- Opening Delimiter -
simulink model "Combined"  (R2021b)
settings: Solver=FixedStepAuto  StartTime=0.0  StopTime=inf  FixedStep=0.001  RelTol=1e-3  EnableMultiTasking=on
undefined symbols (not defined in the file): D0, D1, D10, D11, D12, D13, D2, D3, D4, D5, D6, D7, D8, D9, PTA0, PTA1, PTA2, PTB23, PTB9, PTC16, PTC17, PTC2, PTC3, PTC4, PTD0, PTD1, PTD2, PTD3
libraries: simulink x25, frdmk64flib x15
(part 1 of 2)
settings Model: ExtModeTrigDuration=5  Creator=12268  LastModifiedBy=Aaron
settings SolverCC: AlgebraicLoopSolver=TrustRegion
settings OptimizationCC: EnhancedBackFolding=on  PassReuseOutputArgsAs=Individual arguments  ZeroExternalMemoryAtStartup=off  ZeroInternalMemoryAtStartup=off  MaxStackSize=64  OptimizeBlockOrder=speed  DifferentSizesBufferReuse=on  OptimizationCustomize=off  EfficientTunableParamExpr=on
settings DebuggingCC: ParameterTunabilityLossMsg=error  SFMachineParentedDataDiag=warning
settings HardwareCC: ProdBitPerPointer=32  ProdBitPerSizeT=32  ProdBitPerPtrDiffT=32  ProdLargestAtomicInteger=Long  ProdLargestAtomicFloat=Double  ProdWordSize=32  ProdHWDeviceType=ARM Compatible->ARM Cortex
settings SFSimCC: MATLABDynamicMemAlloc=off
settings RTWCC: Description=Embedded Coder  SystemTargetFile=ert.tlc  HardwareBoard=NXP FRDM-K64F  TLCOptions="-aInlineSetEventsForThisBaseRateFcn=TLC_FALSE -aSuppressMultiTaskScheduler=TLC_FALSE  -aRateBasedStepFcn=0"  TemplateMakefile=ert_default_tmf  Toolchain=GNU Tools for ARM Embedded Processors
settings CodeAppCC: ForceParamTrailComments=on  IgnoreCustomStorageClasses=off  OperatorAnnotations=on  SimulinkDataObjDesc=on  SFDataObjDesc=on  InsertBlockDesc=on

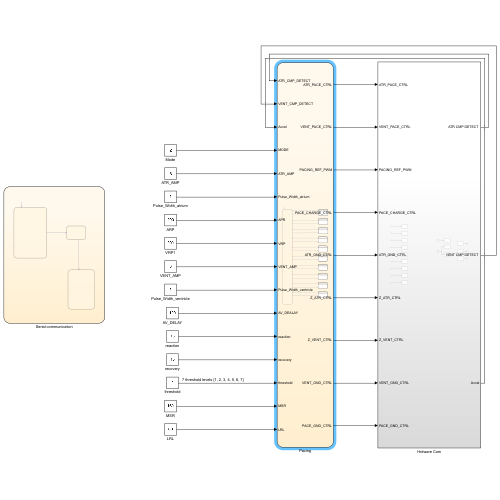
[thumbnail: Simulink's stored preview of the top-level diagram]
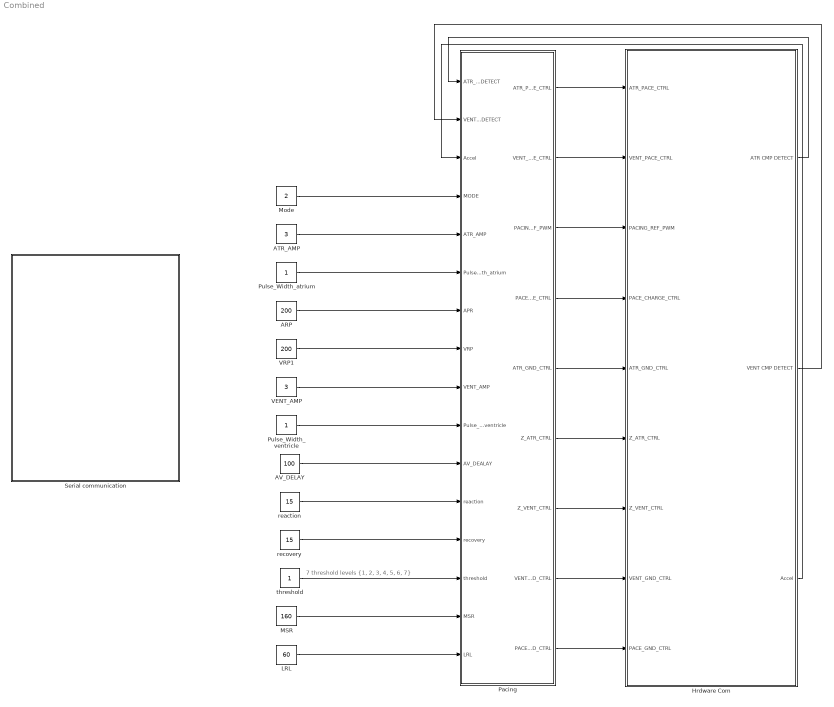
== system Combined ==
  note: 7 threshold levels {1, 2, 3, 4, 5, 6, 7}
  ARP : Constant  Value=200  OutDataTypeStr=uint16
  ATR_AMP : Constant  Value=3  OutDataTypeStr=double
  AV_DELAY : Constant  Value=100  OutDataTypeStr=uint16
  Hrdware Com : Subsystem
  LRL : Constant  Value=60
  MSR : Constant  Value=160
  Mode : Constant  Value=2  OutDataTypeStr=uint8
  Pacing : Stateflow chart  TreatAsAtomicUnit=on
      settings: PortSchema="{\"entries\":[{\"content\":{\"sides\":[{\"content\":{\"connectorIds\":[\"In1\",\"In2\",\"In3\",\"In4\",\"In5\",\"In6\",\"In8\",\"In9\",\"In16\",\"In10\",\"In11\",\"In12\",\"In13\",\"In14\",\"In15\",\"In7\"]},\"type\":\"ConnectorPlacement.EquallySpacedRectSide\",\"uuid\":\"b899f434-ac53-4776-90ad-1e47a9a70434\"},{\"content\":{\"connectorIds\":[\"Out1\",\"Out2\",\"Out3\",\"Out4\",\"Out5\",\"Out6\",\"Out7\",\"Out8\",\"Out9\"],\"side\":\"RIGHT\"},\"type\":\"ConnectorPlacement.EquallySpacedRectSide\",\"uuid\":\"a7a3dadf-3ead-4ae9-aa27-961636c111e5\"},{\"content\":{\"connectorIds\":[],\"side\":\"TOP\"},\"type\":\"ConnectorPlacement.EquallySpacedRectSide\",\"uuid\":\"97214a2f-6b07-43aa-affc-b9c6648cc812\"}]},\"type\":\"ConnectorPlacement.EquallySpacedConnector\",\"uuid\":\"1a78d035-42b2-4799-ac0c-6d5f965b7fff\"}],\"packageUris\":[\"http://schema.mathworks.com/mf0/Connector/R2020b\"],\"version\":\"1.0\"}"
  Pulse_Width_atrium : Constant  OutDataTypeStr=uint16
  Pulse_Width_ventricle : Constant  OutDataTypeStr=uint16
  Serial communication : Stateflow chart  TreatAsAtomicUnit=on
  VENT_AMP : Constant  Value=3  OutDataTypeStr=uint16
  VRP1 : Constant  Value=200  OutDataTypeStr=uint16
  reaction : Constant  Value=15  OutDataTypeStr=double
  recovery : Constant  Value=15  OutDataTypeStr=double
  threshold : Constant  OutDataTypeStr=single
  wires:
  Mode/1 -> Pacing/4(MODE)
  Pulse_Width_atrium/1 -> Pacing/6(Pulse_Width_atrium)
  ATR_AMP/1 -> Pacing/5(ATR_AMP)
  Pacing/1(ATR_PACE_CTRL) -> Hrdware Com/1(ATR_PACE_CTRL)
  Pacing/2(VENT_PACE_CTRL) -> Hrdware Com/2(VENT_PACE_CTRL)
  Pacing/3(PACING_REF_PWM) -> Hrdware Com/3(PACING_REF_PWM)
  Pacing/4(PACE_CHARGE_CTRL) -> Hrdware Com/4(PACE_CHARGE_CTRL)
  Pacing/5(ATR_GND_CTRL) -> Hrdware Com/5(ATR_GND_CTRL)
  Pacing/6(Z_ATR_CTRL) -> Hrdware Com/6("Z_ATR_CTRL ")
  Pacing/8(VENT_GND_CTRL) -> Hrdware Com/8(VENT_GND_CTRL)
  Pacing/9(PACE_GND_CTRL) -> Hrdware Com/9(PACE_GND_CTRL)
  Pacing/7(Z_VENT_CTRL) -> Hrdware Com/7("Z_VENT_CTRL ")
  ARP/1 -> Pacing/8(APR)
  Hrdware Com/1("ATR CMP DETECT ") -> Pacing/1(ATR_CMP_DETECT)
  Hrdware Com/2("VENT CMP DETECT ") -> Pacing/2(VENT_CMP_DETECT)
  VRP1/1 -> Pacing/9(VRP)
  Pulse_Width_ventricle/1 -> Pacing/10(Pulse_Width_ventricle)
  AV_DELAY/1 -> Pacing/11(AV_DEALAY)
  reaction/1 -> Pacing/12(reaction)
  threshold/1 -> Pacing/14(threshold)
  MSR/1 -> Pacing/15(MSR)
  LRL/1 -> Pacing/7(LRL)
  recovery/1 -> Pacing/13(recovery)
  Hrdware Com/3(Accel) -> Pacing/3(Accel)
  VENT_AMP/1 -> Pacing/16(VENT_AMP)

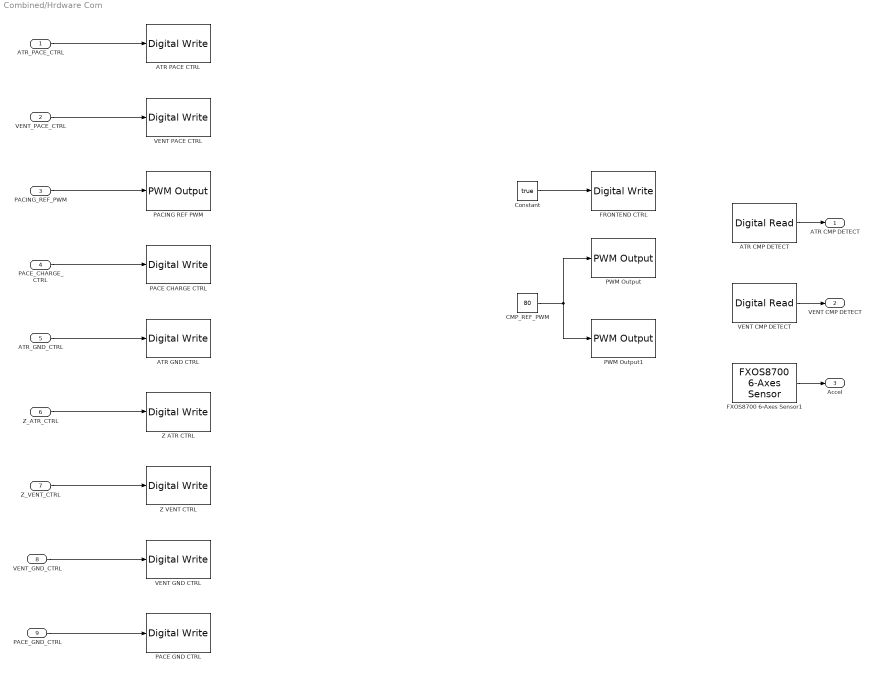
== system Combined/Hrdware Com ==
  ATR_PACE_CTRL : Inport
  VENT_PACE_CTRL : Inport  Port=2
  PACING_REF_PWM : Inport  Port=3
  PACE_CHARGE_CTRL : Inport  Port=4
  ATR_GND_CTRL : Inport  Port=5
  "Z_ATR_CTRL " : Inport  Port=6
  "Z_VENT_CTRL " : Inport  Port=7
  VENT_GND_CTRL : Inport  Port=8
  PACE_GND_CTRL : Inport  Port=9
  ATR CMP DETECT : frdmk64flib/Digital Read  Whichpin=PTC16 (D0)  SampleTime=-1
  "ATR GND CTRL " : frdmk64flib/Digital Write  Whichpin=PTD2 (D11)
  ATR PACE CTRL : frdmk64flib/Digital Write  Whichpin=PTA0 (D8)
  CMP_REF_PWM : Constant  Value=80  OutDataTypeStr=double
  Constant : Constant  Value=true  OutDataTypeStr=boolean
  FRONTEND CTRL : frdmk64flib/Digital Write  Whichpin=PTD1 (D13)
- Closing Delimiter -
**WHAT THIS TASK INVOLVES:** All lines in the listing above with the string "Write" should be returned.

**WORKED SOLUTION:**
  "ATR GND CTRL " : frdmk64flib/Digital Write  Whichpin=PTD2 (D11)
  ATR PACE CTRL : frdmk64flib/Digital Write  Whichpin=PTA0 (D8)
  FRONTEND CTRL : frdmk64flib/Digital Write  Whichpin=PTD1 (D13)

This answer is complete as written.